Understanding a memoized Fibonacci function

Question

The function, taken from here:

function fib(n,memo) {
   memo = memo || {}
   if (memo[n]) {
      return memo[n]
   }
   if (n <= 1) {
      return 1
   }
   return memo[n] = fib(n - 1, memo) + fib(n - 2, memo)
}

This is a working memoized recursive function that takes parameter n and returns the n:th Fibonacci number.

What I fail to grasp is that how can the memo object with assigned values be visible across different recursive function calls? Here's a picture that I assume to be a correct depiction of what happens when the function is called with parameter 4, but please correct me if it's not:

Recursion chart

Take a note of the function calls marked with 1. and 2. and their respective comments in the picture. How is it that number 2 (fib(1)) gets supplied a memo parameter that contains the value assigned in number 1 (fib(2))? Shouldn't the memo supplied to number 2 (fib(1)) be the same that was supplied to the fib(3) call above it, which would be an empty object?

I know that the memo object could just be a global variable and all assignments to it would automatically be visible in all the recursions, but I'm just trying wrap my head around how this particular technique works.

Hopefully this description made sense. Thank you.

Answer 1

Intro: why does this work?

You said in the comments that the pass-by-value description helped clarify this. But the basic point is that in the recursive calls the cache is passed to them from the outside. They get a copy of the reference to a shared value. The initial call accepts a cache, and if it's not supplied, creates a new one.

If you wanted, you could call it like this:

const fibCache = {};

fib (5, fibCache) //=> 8

fib (7, fibCache) //=> 21

and you wouldn't recalculate the values of fib (2), fib (3), fib (4), or fib (5) in the second call. But it's annoying to have to keep that around. Below we create a helper function that lets us create memoized functions with permanent caches.

Memoization Strategies

This is what might be thought of as an lower level of memoization. The function is memoized, but only for the length of the initial call and all the recursive calls it generates. There are ways to memoize functions so that the cache lasts between calls.

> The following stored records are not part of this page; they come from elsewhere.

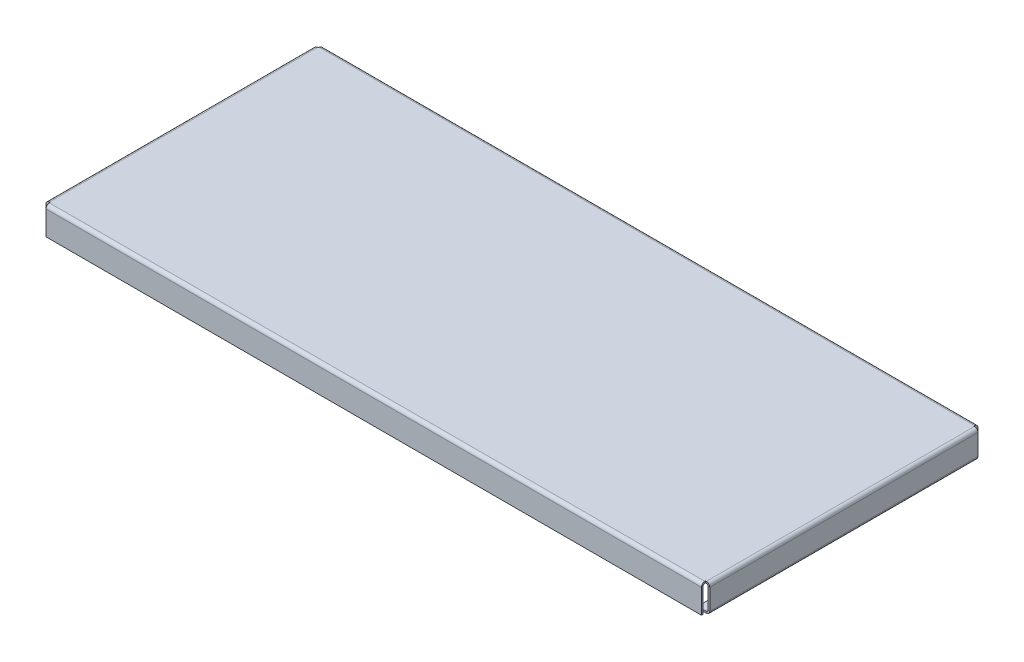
ISO-10303-21;
HEADER;
FILE_DESCRIPTION(('STEP AP214'),'2;1');
FILE_NAME('part.step','',(''),(''),'','','');
FILE_SCHEMA(('AUTOMOTIVE_DESIGN { 1 0 10303 214 1 1 1 1 }'));
ENDSEC;
DATA;
#1=APPLICATION_CONTEXT('core data for automotive mechanical design processes');
#2=APPLICATION_PROTOCOL_DEFINITION('international standard','automotive_design',2000,#1);
#3=PRODUCT_CONTEXT('',#1,'mechanical');
#4=PRODUCT('Part','Part','',(#3));
#5=PRODUCT_RELATED_PRODUCT_CATEGORY('part','',(#4));
#6=PRODUCT_DEFINITION_FORMATION('','',#4);
#7=PRODUCT_DEFINITION_CONTEXT('part definition',#1,'design');
#8=PRODUCT_DEFINITION('design','',#6,#7);
#9=PRODUCT_DEFINITION_SHAPE('','',#8);
#10=(LENGTH_UNIT() NAMED_UNIT(*) SI_UNIT(.MILLI.,.METRE.));
#11=(NAMED_UNIT(*) PLANE_ANGLE_UNIT() SI_UNIT($,.RADIAN.));
#12=(NAMED_UNIT(*) SI_UNIT($,.STERADIAN.) SOLID_ANGLE_UNIT());
#13=UNCERTAINTY_MEASURE_WITH_UNIT(LENGTH_MEASURE(1.E-05),#10,'distance_accuracy_value','');
#14=(GEOMETRIC_REPRESENTATION_CONTEXT(3) GLOBAL_UNCERTAINTY_ASSIGNED_CONTEXT((#13)) GLOBAL_UNIT_ASSIGNED_CONTEXT((#10,
#11,#12)) REPRESENTATION_CONTEXT('',''));
#15=CARTESIAN_POINT('',(0.,0.,0.));
#16=DIRECTION('',(0.,0.,1.));
#17=DIRECTION('',(1.,0.,0.));
#18=AXIS2_PLACEMENT_3D('',#15,#16,#17);
#19=CARTESIAN_POINT('',(304.8,-25.4000000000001,0.));
#20=DIRECTION('',(1.,0.,0.));
#21=DIRECTION('',(0.,0.,-1.));
#22=AXIS2_PLACEMENT_3D('',#19,#20,#21);
#23=PLANE('',#22);
#24=DIRECTION('',(0.,1.,0.));
#25=VECTOR('',#24,1.);
#26=CARTESIAN_POINT('',(304.8,-40.48125,250.167435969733));
#27=LINE('',#26,#25);
#28=CARTESIAN_POINT('',(304.8,-22.2250000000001,250.167435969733));
#29=VERTEX_POINT('',#28);
#30=CARTESIAN_POINT('',(304.8,-3.17499999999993,250.167435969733));
#31=VERTEX_POINT('',#30);
#32=EDGE_CURVE('E718',#29,#31,#27,.T.);
#33=ORIENTED_EDGE('',*,*,#32,.F.);
#34=DIRECTION('',(0.,0.,1.));
#35=VECTOR('',#34,1.);
#36=CARTESIAN_POINT('',(304.8,-22.2250000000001,250.167435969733));
#37=LINE('',#36,#35);
#38=CARTESIAN_POINT('',(304.8,-22.2250000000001,3.83256403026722));
#39=VERTEX_POINT('',#38);
#40=EDGE_CURVE('E374',#29,#39,#37,.F.);
#41=ORIENTED_EDGE('',*,*,#40,.T.);
#42=DIRECTION('',(0.,1.,0.));
#43=VECTOR('',#42,1.);
#44=CARTESIAN_POINT('',(304.8,-40.48125,3.83256403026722));
#45=LINE('',#44,#43);
#46=CARTESIAN_POINT('',(304.8,-3.17500000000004,3.83256403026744));
#47=VERTEX_POINT('',#46);
#48=EDGE_CURVE('E721',#39,#47,#45,.T.);
#49=ORIENTED_EDGE('',*,*,#48,.T.);
#50=DIRECTION('',(0.,0.,-1.));
#51=VECTOR('',#50,1.);
#52=CARTESIAN_POINT('',(304.8,-3.17500000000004,3.83256403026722));
#53=LINE('',#52,#51);
#54=EDGE_CURVE('E731',#31,#47,#53,.T.);
#55=ORIENTED_EDGE('',*,*,#54,.F.);
#56=EDGE_LOOP('',(#33,#41,#49,#55));
#57=FACE_BOUND('',#56,.T.);
#58=ADVANCED_FACE('F84',(#57),#23,.T.);
#59=CARTESIAN_POINT('',(-189.870879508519,-25.4000000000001,250.167435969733));
#60=DIRECTION('',(0.,0.,1.));
#61=DIRECTION('',(0.,-1.,0.));
#62=AXIS2_PLACEMENT_3D('',#59,#60,#61);
#63=PLANE('',#62);
#64=DIRECTION('',(0.,1.,0.));
#65=VECTOR('',#64,1.);
#66=CARTESIAN_POINT('',(303.2125,-25.4000000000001,250.167435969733));
#67=LINE('',#66,#65);
#68=CARTESIAN_POINT('',(303.2125,-22.2250000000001,250.167435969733));
#69=VERTEX_POINT('',#68);
#70=CARTESIAN_POINT('',(303.2125,-3.17499999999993,250.167435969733));
#71=VERTEX_POINT('',#70);
#72=EDGE_CURVE('E715',#69,#71,#67,.T.);
#73=ORIENTED_EDGE('',*,*,#72,.F.);
#74=DIRECTION('',(1.,0.,0.));
#75=VECTOR('',#74,1.);
#76=CARTESIAN_POINT('',(303.2125,-22.2250000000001,250.167435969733));
#77=LINE('',#76,#75);
#78=EDGE_CURVE('E381',#69,#29,#77,.T.);
#79=ORIENTED_EDGE('',*,*,#78,.T.);
#80=ORIENTED_EDGE('',*,*,#32,.T.);
#81=DIRECTION('',(1.,0.,0.));
#82=VECTOR('',#81,1.);
#83=CARTESIAN_POINT('',(-189.870879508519,-3.17500000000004,250.167435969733));
#84=LINE('',#83,#82);
#85=EDGE_CURVE('E670',#71,#31,#84,.T.);
#86=ORIENTED_EDGE('',*,*,#85,.F.);
#87=EDGE_LOOP('',(#73,#79,#80,#86));
#88=FACE_BOUND('',#87,.T.);
#89=ADVANCED_FACE('F878',(#88),#63,.T.);
#90=CARTESIAN_POINT('',(303.2125,-25.4000000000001,0.));
#91=DIRECTION('',(1.,0.,0.));
#92=DIRECTION('',(0.,0.,-1.));
#93=AXIS2_PLACEMENT_3D('',#90,#91,#92);
#94=PLANE('',#93);
#95=DIRECTION('',(0.,0.,1.));
#96=VECTOR('',#95,1.);
#97=CARTESIAN_POINT('',(303.2125,-22.2250000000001,250.167435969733));
#98=LINE('',#97,#96);
#99=CARTESIAN_POINT('',(303.2125,-22.2250000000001,3.83256403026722));
#100=VERTEX_POINT('',#99);
#101=EDGE_CURVE('E389',#69,#100,#98,.F.);
#102=ORIENTED_EDGE('',*,*,#101,.F.);
#103=ORIENTED_EDGE('',*,*,#72,.T.);
#104=DIRECTION('',(0.,0.,-1.));
#105=VECTOR('',#104,1.);
#106=CARTESIAN_POINT('',(303.2125,-3.17500000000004,3.83256403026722));
#107=LINE('',#106,#105);
#108=CARTESIAN_POINT('',(303.2125,-3.17500000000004,3.83256403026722));
#109=VERTEX_POINT('',#108);
#110=EDGE_CURVE('E710',#71,#109,#107,.T.);
#111=ORIENTED_EDGE('',*,*,#110,.T.);
#112=DIRECTION('',(0.,1.,0.));
#113=VECTOR('',#112,1.);
#114=CARTESIAN_POINT('',(303.2125,-25.4000000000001,3.83256403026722));
#115=LINE('',#114,#113);
#116=EDGE_CURVE('E724',#100,#109,#115,.T.);
#117=ORIENTED_EDGE('',*,*,#116,.F.);
#118=EDGE_LOOP('',(#102,#103,#111,#117));
#119=FACE_BOUND('',#118,.T.);
#120=ADVANCED_FACE('F884',(#119),#94,.F.);
#121=CARTESIAN_POINT('',(-304.8,-25.4000000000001,0.));
#122=DIRECTION('',(-1.,0.,0.));
#123=DIRECTION('',(0.,0.,1.));
#124=AXIS2_PLACEMENT_3D('',#121,#122,#123);
#125=PLANE('',#124);
#126=DIRECTION('',(0.,1.,0.));
#127=VECTOR('',#126,1.);
#128=CARTESIAN_POINT('',(-304.8,-40.48125,3.83256403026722));
#129=LINE('',#128,#127);
#130=CARTESIAN_POINT('',(-304.8,-22.2250000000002,3.83256403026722));
#131=VERTEX_POINT('',#130);
#132=CARTESIAN_POINT('',(-304.8,-3.17500000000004,3.83256403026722));
#133=VERTEX_POINT('',#132);
#134=EDGE_CURVE('E783',#131,#133,#129,.T.);
#135=ORIENTED_EDGE('',*,*,#134,.F.);
#136=DIRECTION('',(0.,0.,-1.));
#137=VECTOR('',#136,1.);
#138=CARTESIAN_POINT('',(-304.8,-22.2250000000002,3.83256403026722));
#139=LINE('',#138,#137);
#140=CARTESIAN_POINT('',(-304.8,-22.2250000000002,250.167435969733));
#141=VERTEX_POINT('',#140);
#142=EDGE_CURVE('E445',#131,#141,#139,.F.);
#143=ORIENTED_EDGE('',*,*,#142,.T.);
#144=DIRECTION('',(0.,1.,0.));
#145=VECTOR('',#144,1.);
#146=CARTESIAN_POINT('',(-304.8,-40.48125,250.167435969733));
#147=LINE('',#146,#145);
#148=CARTESIAN_POINT('',(-304.8,-3.17500000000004,250.167435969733));
#149=VERTEX_POINT('',#148);
#150=EDGE_CURVE('E786',#141,#149,#147,.T.);
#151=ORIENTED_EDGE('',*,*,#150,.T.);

If we start with a non-memoized version like this:

function fib1 (n) {
  if (n <= 1) {
    return 1
  }
  console .log (`Calculating fib1 (${n})`)
  return fib1 (n - 1) + fib1 (n - 2)
}

console .log (`fib1 (5) returns ${fib1 (5)}`)
console .log ('------')
console .log (`fib1 (5) returns ${fib1 (5)}`)

We will get output like this:

Calculating fib1 (5)
Calculating fib1 (4)
Calculating fib1 (3)
Calculating fib1 (2)
Calculating fib1 (2)
Calculating fib1 (3)
Calculating fib1 (2)
fib1 (5) returns 8
------
Calculating fib1 (5)
Calculating fib1 (4)
Calculating fib1 (3)
Calculating fib1 (2)
Calculating fib1 (2)
Calculating fib1 (3)
Calculating fib1 (2)
fib1 (5) returns 8

Obviously that will run into problems when we try larger values.

Using the version you supplied:

function fib2 (n,memo) {
   memo = memo || {}
   if (memo[n]) {
      return memo[n]
   }
   if (n <= 1) {
      return 1
   }
   console .log (`Calculating fib2 (${n})`)
   return memo[n] = fib2 (n - 1, memo) + fib2 (n - 2, memo)
}

console .log (`fib2 (5) returns ${fib2 (5)}`)
console .log ('------')
console .log (`fib2 (5) returns ${fib2 (5)}`)

We reduce this so that the internal calls are no longer repeated, but between external calls, we still repeat:

Calculating fib2 (5)
Calculating fib2 (4)
Calculating fib2 (3)
Calculating fib2 (2)
fib2 (5) returns 8
------
Calculating fib2 (5)
Calculating fib2 (4)
Calculating fib2 (3)
Calculating fib2 (2)
fib2 (5) returns 8

If we can store the cache somewhere external to the function call, we can make a version that doesn't repeat at all:

const memoize = (fn) => {
  const cache = {}
  return function (x) {
    if (!(x in cache)) {
      cache [x] = fn (x)
    }
    return cache [x]
  }
}

const fib3 = memoize (function (n) {
  if (n <= 1) {
    return 1
  }
  console .log (`Calculating fib3 (${n})`)
  return fib3 (n - 1) + fib3 (n - 2)
})

console .log (`fib3 (5) returns ${fib3 (5)}`)
console .log ('------')
console .log (`fib3 (5) returns ${fib3 (5)}`)

Calculating fib3 (5)
Calculating fib3 (4)
Calculating fib3 (3)
Calculating fib3 (2)
fib3 (5) returns 8
------
fib3 (5) returns 8

Here we store the cache in a closure generated by the call to a memoize helper. For many problems this is a much more satisfactory version. This works also for those cases when there's no recursion but the calculations are time-consuming.